FIG. 9 is a diagram illustrating dry protection control processing of the refrigeration cycle device according to the second embodiment. The processing in FIG. 9 will be described as being performed by the control device 400. The circulation amount estimating section 414 of the control device 400 includes the driving frequency acquiring section 414A, as described above. Therefore, the circulation amount estimation unit 414 estimates the refrigerant circulation amount based on the drive frequency of the compressor 210 (step S1).
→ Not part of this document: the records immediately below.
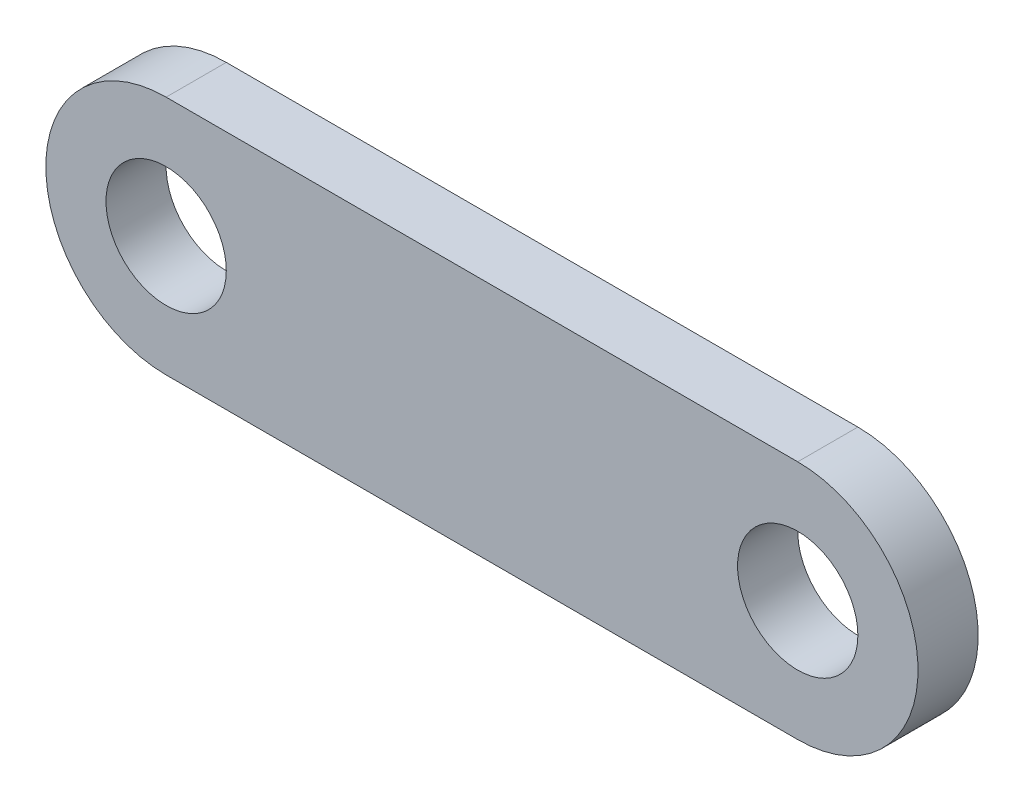
SolidWorks part; units mm, degrees
ref_plane "Front Plane" through (0, 0, 0) normal (0, 0, 1) x (1, 0, 0)
ref_plane "Top Plane" through (0, 0, 0) normal (0, 1, 0) x (1, 0, 0)
ref_plane "Right Plane" through (0, 0, 0) normal (1, 0, 0) x (0, 0, -1)
sketch "Sketch4" plane through (0, 0, 0) normal (0, 0, 1) x (1, 0, 0)
  line L0 (0, 0) -> (-26.67, 0) construction
  line L1 (0, -5.08) -> (-26.67, -5.08)
  line L2 (0, 5.08) -> (-26.67, 5.08)
  arc A0 (0, -5.08) -> (0, 5.08) centre (0, 0) ccw
  arc A1 (-26.67, 5.08) -> (-26.67, -5.08) centre (-26.67, 0) ccw
  circle A2 centre (0, 0) radius 2.54
  circle A3 centre (-26.67, 0) radius 2.54
  point P3 (-13.335, 0)
  dimension "D2" = 5.08
  dimension "D3" = 5.08
  dimension "D4" = 5.08
  dimension "D1" = 26.67
extrude "Boss-Extrude1" add sketch "Sketch4" along normal blind 2.54
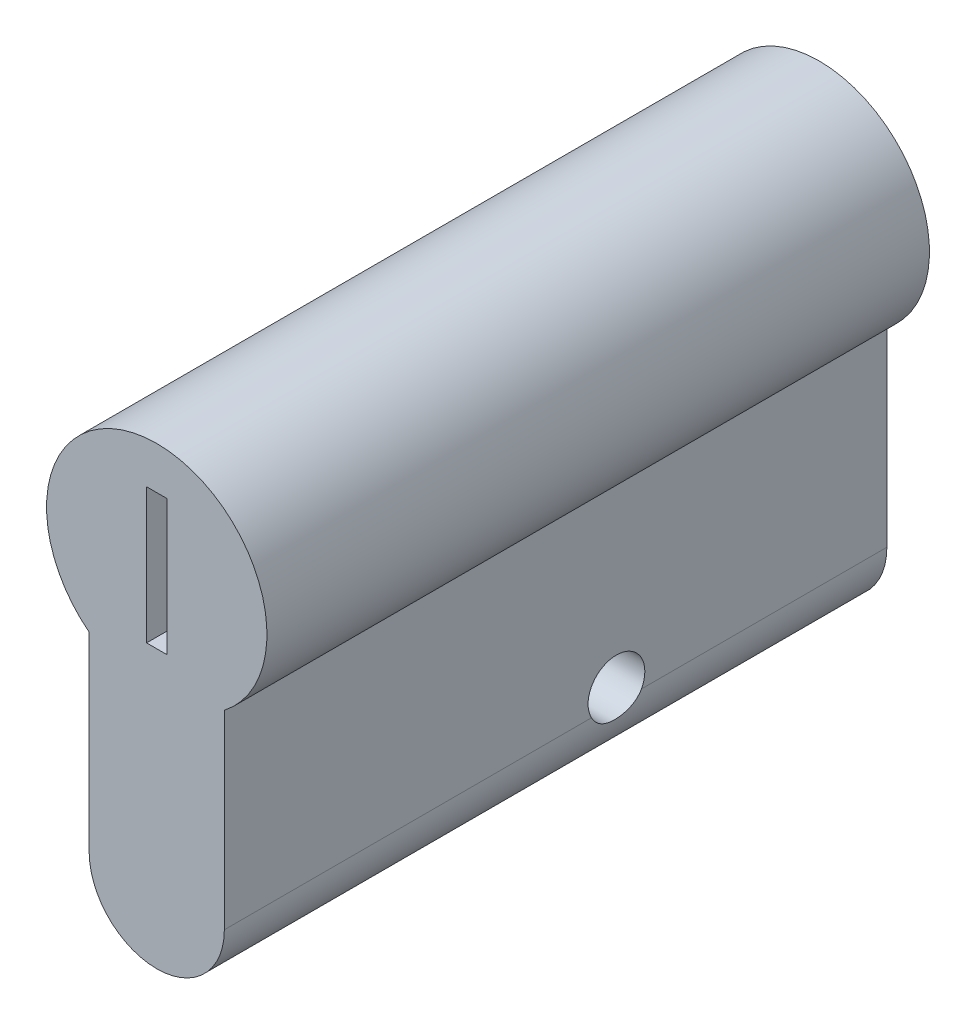
SolidWorks part; units mm, degrees
ref_plane "Plan de face" through (0, 0, 0) normal (0, 0, 1) x (1, 0, 0)
ref_plane "Plan de dessus" through (0, 0, 0) normal (0, 1, 0) x (1, 0, 0)
ref_plane "Plan de droite" through (0, 0, 0) normal (1, 0, 0) x (0, 0, -1)
sketch "Esquisse1" plane through (0, 0, 0) normal (0, 0, 1) x (1, 0, 0)
  line L0 (-5, -20.5) -> (-5, -6.8739) construction
  line L1 (-5, -20.5) -> (-5, -6.436)
  line L2 (5, -6.8739) -> (5, -20.5) construction
  line L3 (5, -6.436) -> (5, -20.5)
  line L5 (0.75, 5) -> (-0.75, 5)
  line L6 (0.75, 5) -> (0.75, -5)
  line L7 (0.75, -5) -> (-0.75, -5)
  line L8 (-0.75, 5) -> (-0.75, -5)
  arc A0 (5, -6.436) -> (-5, -6.436) centre (0, 0) ccw
  arc A2 (-5, -20.5) -> (5, -20.5) centre (0, -20.5) ccw construction
  arc A3 (-5, -20.5) -> (5, -20.5) centre (0, -20.5) ccw
  dimension "D1" = 16.3
  dimension "D2" = 1.5
  dimension "D3" = 0.75
  dimension "D4" = 10
  dimension "D5" = 5
sketch "Esquisse2" plane through (0, 0, 17.5) normal (0, 0, 1) x (1, 0, 0)
  line L2 (-5, -6.436) -> (-5, -20.5)
  line L3 (5, -20.5) -> (5, -6.436)
  line L4 (0.75, 5) -> (-0.75, 5)
  line L5 (-0.75, 5) -> (-0.75, -5)
  line L6 (-0.75, -5) -> (0.75, -5)
  line L7 (0.75, -5) -> (0.75, 5)
  line L8 (0.75, 5) -> (-0.75, 5)
  line L9 (-0.75, 5) -> (-0.75, -5)
  line L10 (-0.75, -5) -> (0.75, -5)
  line L11 (0.75, -5) -> (0.75, 5)
  line L12 (-5, -6.436) -> (-5, -20.5)
  line L13 (5, -20.5) -> (5, -6.436)
  arc A2 (5, -6.436) -> (-5, -6.436) centre (0, 0) ccw
  arc A3 (-5, -20.5) -> (5, -20.5) centre (0, -20.5) ccw
  arc A4 (5, -6.436) -> (-5, -6.436) centre (0, 0) ccw
  arc A5 (-5, -20.5) -> (5, -20.5) centre (0, -20.5) ccw
  dimension "D1" = 0
  dimension "D2" = 0
extrude "Extrusion2" add sketch "Esquisse2" along normal blind 9 and the other way blind 40
hole_wizard "Trou taraudé M51" positions "Esquisse3D1" profile "Esquisse4" tap size "M5" standard "ISO" end condition through all
sketch3d "Esquisse3D1"
  line L0 (34, -19.5, -2.5) -> (32, -19.5, -2.5) construction
  point P0 (-5, -19.5, -2.5)
sketch "Esquisse4" plane through (-5, -19.5, -2.5) normal (0, 1, 0) x (0, 0, 1)
  line L0 (0, 0) -> (0, 13.15)
  line L1 (0, 13.15) -> (2.1, 13.15)
  line L2 (2.1, 13.15) -> (2.1, 0)
  line L5 (2.1, 0) -> (0, 0)
  line L11 (0, -6.35) -> (0, 107.95) construction
  dimension "Diamètre du trou pour taraudage jusqu'au prochain" = 4.2
  dimension "Profondeur du trou pour taraudage jusqu'au prochain" = 13.15
cosmetic thread "Filetage de perçage1" parameters "D2"=5

Here, the refrigerant circulation amount can generally be obtained based on the following equation (1).
 冷媒循環量=体積効率×駆動周波数×吸入冷媒密度×排除容積
                           …(1)
Refrigerant circulation amount = volumetric efficiency x driving frequency x suction refrigerant density x displacement volume...(1)
 (1)式において、駆動周波数が、冷媒循環量を推定する際に影響する項となる。そこで、実施の形態2では、循環量推定部414が冷媒循環量を推定する場合に、体積効率、吸入冷媒密度および排除容積は一定値であるとする。このため、冷媒循環量は、圧縮機210の駆動周波数に依存する量として概算の値を求めることができる。 In equation (1), the drive frequency is a term that affects when estimating the amount of refrigerant circulation. Therefore, in the second embodiment, when the circulation amount estimation unit 414 estimates the refrigerant circulation amount, it is assumed that the volumetric efficiency, the suction refrigerant density, and the displacement volume are constant values. Therefore, the amount of refrigerant circulation can be approximated as an amount that depends on the driving frequency of the compressor 210.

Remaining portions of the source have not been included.